The equations put forward here to describe cell growth and deformation do have limitations, as they are confined to describing the expansion component of growth. Cell proliferation considerations have not been included here. Also, such semi-phenomenology is not like a microscopic model derived from first principles on the quantum-mechanical level. Moreover, the validity of the presented equations is limited to the non-dissipative temperature region where no membrane leakage takes place. Even though the detailed biochemistry is not discussed here, all the effects are implicit in all functions that account for the effects like enzyme activity, protein synthesis, cell respiration and biomass production. It would be useful to have analytical equations that include a reliable description of cell/organ stretching based on verifiable numbers of mechanical or biochemical origin. In this sense, our model is actually a possible start to a predictive guide for further experimentation.

In spite of all the limitations, the model of expansin action, in which expansins weaken the non-covalent binding between wall polysaccharides, thereby allowing turgor-driven polymer creep, can be successfully described by a linear differential equation of tensors of second order. This model is also consistent with the lack of progressive weakening of the cell wall by expansin and fits well the biophysical characteristics of cell wall extension, the rate of which is dependent on the wall stress P in excess of a minimum yield threshold Y.

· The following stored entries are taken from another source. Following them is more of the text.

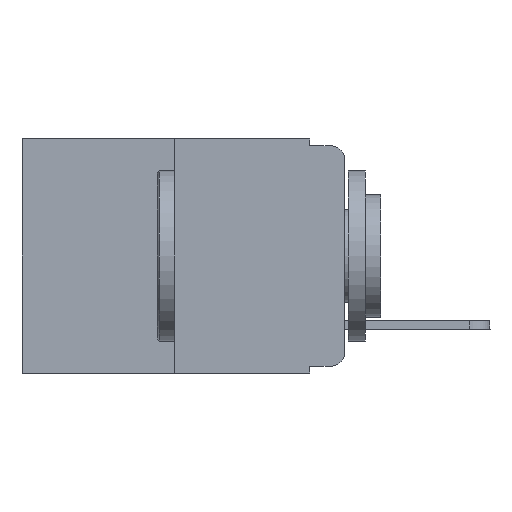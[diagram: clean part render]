
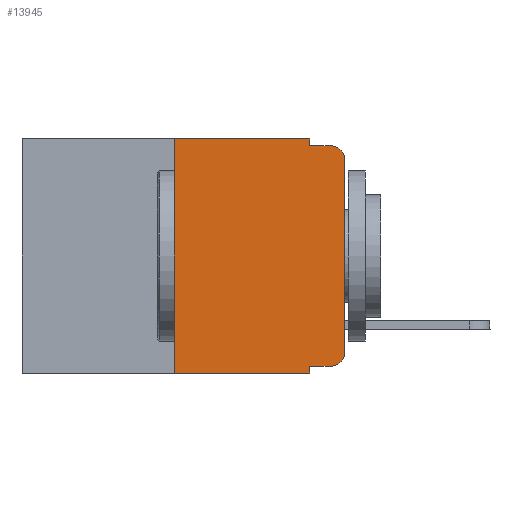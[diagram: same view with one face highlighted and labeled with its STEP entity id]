
A CAD part, left-side view. The second image highlights one B-rep face of the part: STEP entity #13945.
In plain terms, the highlighted planar face has unit normal (-1, 0, 0).
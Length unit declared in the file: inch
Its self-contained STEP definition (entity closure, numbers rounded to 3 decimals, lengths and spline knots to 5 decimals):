
#83 = VECTOR ( 'NONE', #12669, 39.37008 ) ;
#181 = PLANE ( 'NONE',  #4906 ) ;
#303 = CARTESIAN_POINT ( 'NONE',  ( 0., 0.02, -0.01 ) ) ;
#367 = ORIENTED_EDGE ( 'NONE', *, *, #14856, .T. ) ;
#865 = LINE ( 'NONE', #20305, #11048 ) ;
#1727 = VERTEX_POINT ( 'NONE', #13891 ) ;
#1761 = DIRECTION ( 'NONE',  ( 1., 0., 0. ) ) ;
#1913 = EDGE_CURVE ( 'NONE', #17573, #1727, #10138, .T. ) ;
#2348 = VECTOR ( 'NONE', #12053, 39.37008 ) ;
#2496 = DIRECTION ( 'NONE',  ( 0., 0., -1. ) ) ;
#2680 = CARTESIAN_POINT ( 'NONE',  ( 0., 0.02, -0.333 ) ) ;
#2703 = DIRECTION ( 'NONE',  ( 0., -1., 0. ) ) ;
#3162 = CARTESIAN_POINT ( 'NONE',  ( 0., 0.051, -0.343 ) ) ;
#3359 = CARTESIAN_POINT ( 'NONE',  ( 0., 0.473, 0. ) ) ;
#3658 = EDGE_CURVE ( 'NONE', #16986, #4391, #6827, .T. ) ;
#3769 = ORIENTED_EDGE ( 'NONE', *, *, #1913, .F. ) ;
#3779 = CIRCLE ( 'NONE', #4454, 0.02 ) ;
#4373 = DIRECTION ( 'NONE',  ( 0., 0., -1. ) ) ;
#4391 = VERTEX_POINT ( 'NONE', #5724 ) ;
#4454 = AXIS2_PLACEMENT_3D ( 'NONE', #17282, #9279, #14211 ) ;
#4559 = VECTOR ( 'NONE', #4373, 39.37008 ) ;
#4612 = ORIENTED_EDGE ( 'NONE', *, *, #3658, .T. ) ;
#4622 = VERTEX_POINT ( 'NONE', #303 ) ;
#4702 = VERTEX_POINT ( 'NONE', #13272 ) ;
#4840 = EDGE_CURVE ( 'NONE', #4391, #4622, #3779, .T. ) ;
#4906 = AXIS2_PLACEMENT_3D ( 'NONE', #3359, #1761, #8241 ) ;
#4911 = CARTESIAN_POINT ( 'NONE',  ( 0., 0.051, -0.333 ) ) ;
#5468 = CARTESIAN_POINT ( 'NONE',  ( 0., 0.051, 0. ) ) ;
#5724 = CARTESIAN_POINT ( 'NONE',  ( 0., 0., -0.03 ) ) ;
#5843 = DIRECTION ( 'NONE',  ( 0., 0., 1. ) ) ;
#6079 = CARTESIAN_POINT ( 'NONE',  ( 0., 0.051, 0. ) ) ;
#6267 = LINE ( 'NONE', #12544, #12072 ) ;
#6656 = EDGE_CURVE ( 'NONE', #1727, #4622, #10771, .T. ) ;
#6827 = LINE ( 'NONE', #9679, #12340 ) ;
#6950 = VERTEX_POINT ( 'NONE', #2680 ) ;
#7117 = LINE ( 'NONE', #15218, #7313 ) ;
#7313 = VECTOR ( 'NONE', #13597, 39.37008 ) ;
#7728 = ORIENTED_EDGE ( 'NONE', *, *, #20872, .F. ) ;
#8241 = DIRECTION ( 'NONE',  ( 0., 0., -1. ) ) ;
#8268 = EDGE_CURVE ( 'NONE', #8470, #10154, #20830, .T. ) ;
#8470 = VERTEX_POINT ( 'NONE', #11489 ) ;
#9279 = DIRECTION ( 'NONE',  ( -1., 0., 0. ) ) ;
#9301 = CARTESIAN_POINT ( 'NONE',  ( 0., 0., -0.313 ) ) ;
#9679 = CARTESIAN_POINT ( 'NONE',  ( 0., 0., 0. ) ) ;
#10138 = LINE ( 'NONE', #5468, #2348 ) ;
#10154 = VERTEX_POINT ( 'NONE', #3162 ) ;
#10183 = ORIENTED_EDGE ( 'NONE', *, *, #16014, .T. ) ;
#10771 = LINE ( 'NONE', #15468, #11636 ) ;
#10832 = EDGE_CURVE ( 'NONE', #6950, #16986, #16063, .T. ) ;
#11048 = VECTOR ( 'NONE', #5843, 39.37008 ) ;
#11264 = EDGE_LOOP ( 'NONE', ( #4612, #18664, #14229, #3769, #15207, #7728, #367, #17150, #10183, #17576 ) ) ;
#11489 = CARTESIAN_POINT ( 'NONE',  ( 0., 0.051, -0.333 ) ) ;
#11636 = VECTOR ( 'NONE', #2703, 39.37008 ) ;
#11977 = AXIS2_PLACEMENT_3D ( 'NONE', #13885, #17272, #2496 ) ;
#12053 = DIRECTION ( 'NONE',  ( 0., 0., -1. ) ) ;
#12072 = VECTOR ( 'NONE', #15729, 39.37008 ) ;
#12340 = VECTOR ( 'NONE', #19771, 39.37008 ) ;
#12544 = CARTESIAN_POINT ( 'NONE',  ( 0., 0.473, 0. ) ) ;
#12669 = DIRECTION ( 'NONE',  ( 0., -1., 0. ) ) ;
#12988 = LINE ( 'NONE', #4911, #83 ) ;
#13272 = CARTESIAN_POINT ( 'NONE',  ( 0., 0.25, -0.343 ) ) ;
#13597 = DIRECTION ( 'NONE',  ( 0., -1., 0. ) ) ;
#13667 = CARTESIAN_POINT ( 'NONE',  ( 0., 0.25, 0. ) ) ;
#13885 = CARTESIAN_POINT ( 'NONE',  ( 0., 0.02, -0.313 ) ) ;
#13891 = CARTESIAN_POINT ( 'NONE',  ( 0., 0.051, -0.01 ) ) ;
#13945 = ADVANCED_FACE ( 'NONE', ( #16126 ), #181, .F. ) ;
#14211 = DIRECTION ( 'NONE',  ( 0., 0., -1. ) ) ;
#14229 = ORIENTED_EDGE ( 'NONE', *, *, #6656, .F. ) ;
#14564 = EDGE_CURVE ( 'NONE', #15214, #17573, #6267, .T. ) ;
#14856 = EDGE_CURVE ( 'NONE', #4702, #10154, #7117, .T. ) ;
#15207 = ORIENTED_EDGE ( 'NONE', *, *, #14564, .F. ) ;
#15214 = VERTEX_POINT ( 'NONE', #13667 ) ;
#15218 = CARTESIAN_POINT ( 'NONE',  ( 0., 0.473, -0.343 ) ) ;
#15468 = CARTESIAN_POINT ( 'NONE',  ( 0., 0.051, -0.01 ) ) ;
#15729 = DIRECTION ( 'NONE',  ( 0., -1., 0. ) ) ;
#16014 = EDGE_CURVE ( 'NONE', #8470, #6950, #12988, .T. ) ;
#16063 = CIRCLE ( 'NONE', #11977, 0.02 ) ;
#16126 = FACE_OUTER_BOUND ( 'NONE', #11264, .T. ) ;
#16986 = VERTEX_POINT ( 'NONE', #9301 ) ;
#17150 = ORIENTED_EDGE ( 'NONE', *, *, #8268, .F. ) ;
#17272 = DIRECTION ( 'NONE',  ( -1., 0., 0. ) ) ;
#17282 = CARTESIAN_POINT ( 'NONE',  ( 0., 0.02, -0.03 ) ) ;
#17573 = VERTEX_POINT ( 'NONE', #18599 ) ;
#17576 = ORIENTED_EDGE ( 'NONE', *, *, #10832, .T. ) ;
#18599 = CARTESIAN_POINT ( 'NONE',  ( 0., 0.051, 0. ) ) ;
#18664 = ORIENTED_EDGE ( 'NONE', *, *, #4840, .T. ) ;
#19771 = DIRECTION ( 'NONE',  ( 0., 0., 1. ) ) ;
#20305 = CARTESIAN_POINT ( 'NONE',  ( 0., 0.25, 0. ) ) ;
#20830 = LINE ( 'NONE', #6079, #4559 ) ;
#20872 = EDGE_CURVE ( 'NONE', #4702, #15214, #865, .T. ) ;

On the topic of cell wall growth, most models have traditionally concentrated on one biophysical aspect of growth, namely either on the cell wall extensibility properties or just water pressure-related effects (e.g. hydrostatic pressure, osmotic pressure, turgor threshold). Both components of cell wall growth were usually treated separately and the mutual interactions were not considered or combined into one mathematical model equation. While it seems obvious that both cell wall extensibility properties and water pressure-related effects should be present, simultaneously, in one equation to reflect the self-consistent (e.g. [14]) character of plant cell growth, this has not been thoroughly considered until now. Cell enlargement requires simultaneous water absorption to increase cell volume and irreversible expansion of the cell wall to accommodate the influx of water and to generate a new surface area. Indeed, all environmental agents influencing growth (like stimulators/inhibitors), especially temperature, should be present in the more complete model of cell wall growth. Such an equation should also be susceptible to other modifications, i.e. able to describe phenomena where the direction of the stimulus matters (e.g. phototropism). In this context, we believe that the presented set of (ready to use) growth equations presented here, especially equation (2.12), will be helpful in developing future computation models to reflect quantitatively diverse phenomena observed in plant physiological experiments.